The designs were second commissioned in 1936 by Gobindram from his musician sister-in-law Elsie Jensen.
“Instead of Mount Fuji, she’d have Diamond Head, instead of koi [she’d] have tropical fish, instead of cherry blossoms [she’d] have gardenias and hibiscus and all the things we know here,” Hope said.
According to Nancy Schiffer in her book Hawaiian Shirt Designs, the models were shipped to Japan where they were handblocked onto fresh fabric.
” These delicate floral designs, modern and dynamic in principle, were the first Hawaiian models to be produced commercially”, Schiffer information.
In his book Paradise of the Pacific, William Devenport writes,” They were sold by the boatload and were exhibited as far ahead as London.”
Gobindram’s child Lila told Hope that the Watumull’s Waikiki business had British film stars Loretta Young, Jack Benny, Lana Turner and Eddie” Rochester” Anderson coming to purchase these tops.
“More and more we are finding out that Watumull has become a synonym for Hawaiian fashions,” Gulab Watumull said in a 1966 interview in the Honolulu Star-Bulletin.
The Watumulls soon bought the Royal Hawaiian Manufacturing Company, where the first matching family aloha wear was created.
Much path to citizen
Despite their success, it would be decades before the Watumull brothers – Jhamandas and Gobindram – received US citizenship. Their early years in the country were marred by discrimination and difficult immigration laws, the Hawaii Business Magazine wrote.
In 1922, Gobindram married Ellen Jensen, an American, whose membership was stripped under the Cable Act for marrying an refugee who was not available for US citizen. In 1931, Jensen would later work with the League of Women Voters to overhaul the laws and reclaim membership.
In 1946, Gobindram had become a citizen when a law allowing Indians to get citizens through naturalization was passed.
His nephew Jhamandas, however, continued to cut many of his day between India and Hawaii.
During India’s 1947 partition, the Watumull family moved from Sindh to Bombay ( now Mumbai ), leaving much of their property behind, SAADA says.
Gulab, Jhamandas ‘ child, finally arrived in Hawaii to work for the family business and serve as its head.
The sons split the company in 1955, with Jhamandas and Gulab keeping control of the wholesale division while Gobindram’s home took control of the real estate division.
Jhamandas entirely relocated to Hawaii in 1956, a few years after the passing of his family and one of their children, and immigrated to the US in 1961.
India connect
The community has continued to care about India’s future and its citizens over time. In Making it in America, Elliot Robert Barkan writes that Gobindram frequently traveled to Washington to help the country’s cause for self-reliance. He was a key member of the Committee for India’s Liberty.

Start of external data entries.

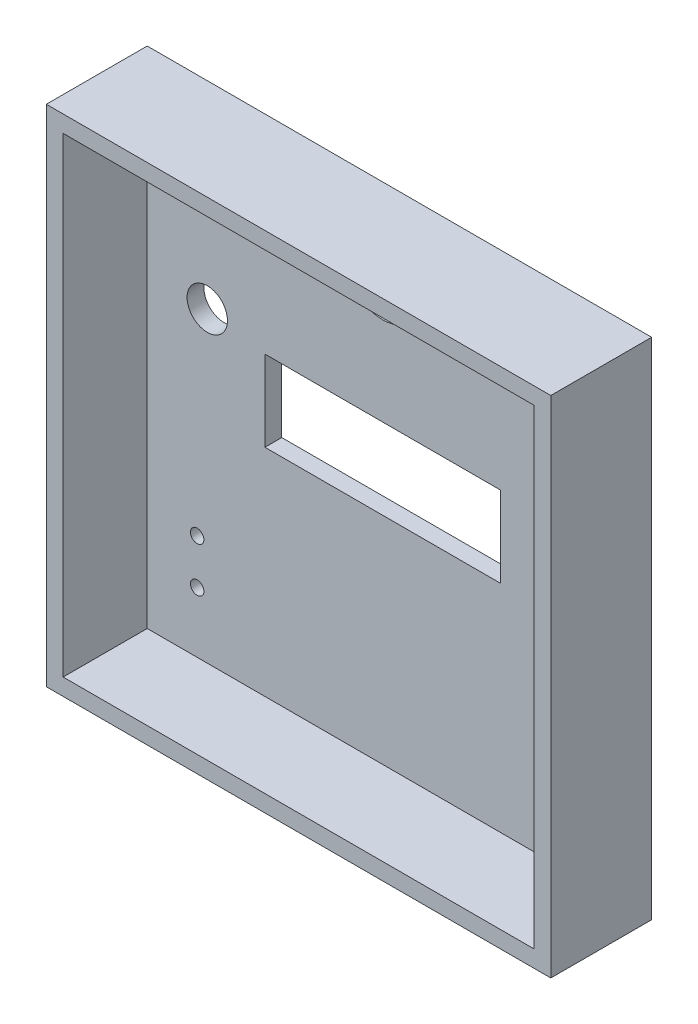
from build123d import *

# Parameters (mm, degrees)
SKETCH4_W           = 150
SKETCH4_H           = 150
BOSS_EXTRUDE1_DEPTH = 30
SHELL2_T            = -5
SKETCH5_R           = 11
CUT_EXTRUDE1_DEPTH  = 10
SKETCH6_W           = 70
SKETCH6_H           = 24
CUT_EXTRUDE2_DEPTH  = 10
SKETCH7_R           = 6
CUT_EXTRUDE3_DEPTH  = 10
SKETCH8_R           = 2.5
CUT_EXTRUDE4_DEPTH  = 10
SKETCH10_R          = 2
CUT_EXTRUDE5_DEPTH  = 10


with BuildPart() as part:
    # Sketch4 → Boss-Extrude1 (new body)
    with BuildSketch(Plane.XY):
        Rectangle(SKETCH4_W, SKETCH4_H)
    extrude(amount=BOSS_EXTRUDE1_DEPTH)

    # Shell2
    shell2_openings = [part.faces().sort_by_distance(p)[0] for p in [
        (0, 0, 30),
    ]]
    offset(amount=SHELL2_T, openings=shell2_openings, kind=Kind.INTERSECTION)

    # Sketch5 → Cut-Extrude1 (cut)
    with BuildSketch(Plane(origin=(0, 0, 0), x_dir=(-1, 0, 0), z_dir=(0, 0, -1))):
        with Locations((0, 55.503756803)):
            Circle(SKETCH5_R)
    extrude(amount=-CUT_EXTRUDE1_DEPTH, mode=Mode.SUBTRACT)

    # Sketch6 → Cut-Extrude2 (cut)
    with BuildSketch(Plane(origin=(0, 0, 0), x_dir=(-1, 0, 0), z_dir=(0, 0, -1))):
        with Locations((0, 6.168751782)):
            Rectangle(SKETCH6_W, SKETCH6_H)
    extrude(amount=-CUT_EXTRUDE2_DEPTH, mode=Mode.SUBTRACT)

    # Sketch7 → Cut-Extrude3 (cut)
    with BuildSketch(Plane(origin=(0, 0, 0), x_dir=(-1, 0, 0), z_dir=(0, 0, -1))):
        with Locations((52.142360775, 21.195860283)):
            Circle(SKETCH7_R)
    extrude(amount=-CUT_EXTRUDE3_DEPTH, mode=Mode.SUBTRACT)

    # Sketch8 → Cut-Extrude4 (cut)
    with BuildSketch(Plane(origin=(0, 0, 0), x_dir=(-1, 0, 0), z_dir=(0, 0, -1))):
        with Locations((-48.952452987, -41.390507081)):
            Circle(SKETCH8_R)
    extrude(amount=-CUT_EXTRUDE4_DEPTH, mode=Mode.SUBTRACT)

    # Sketch10 → Cut-Extrude5 (cut)
    with BuildSketch(Plane(origin=(0, 0, 0), x_dir=(-1, 0, 0), z_dir=(0, 0, -1))):
        with Locations((55.147282701, -52.031429677)):
            Circle(SKETCH10_R)
        with Locations((55.147282701, -38.731179224)):
            Circle(SKETCH10_R)
    extrude(amount=-CUT_EXTRUDE5_DEPTH, mode=Mode.SUBTRACT)


solid = part.part

Gobindram’s residence in Los Angeles was” a Mecca for individuals concerned with Indian freedom”, Sachindra Nath Pradhan information in the book India in the United States.
In 1946, Dr. S. Radhakrishnan, who afterwards became India’s leader, gave a series of lectures at American universities under the auspices of The Watumull Foundation.
Gobindram’s wife Ellen was instrumental in bringing an international parenthood conference to Delhi in 1959, leading to the establishment of the country’s first birth control clinics.
The family’s philanthropic activities include funding for Hawaii and India’s academic institutions, endowments for Honolulu-based art programs, and promoting Indian-Hawaiian change.
Many of the children of the Watumull boys are employed in and around Hawaii.
In the past few years, as the family business shifted focus to real estate, the last Watumull retail store closed in 2020. The company thanked its customers “for years of good business and good memories”.
Watumull Properties purchased a 19,045 sq m (205,000 sq ft) marketplace in Hawaii last year. JD Watumull, the president of the company, said, “The Hawaiian Islands continue to be our family’s focus today and in the future.”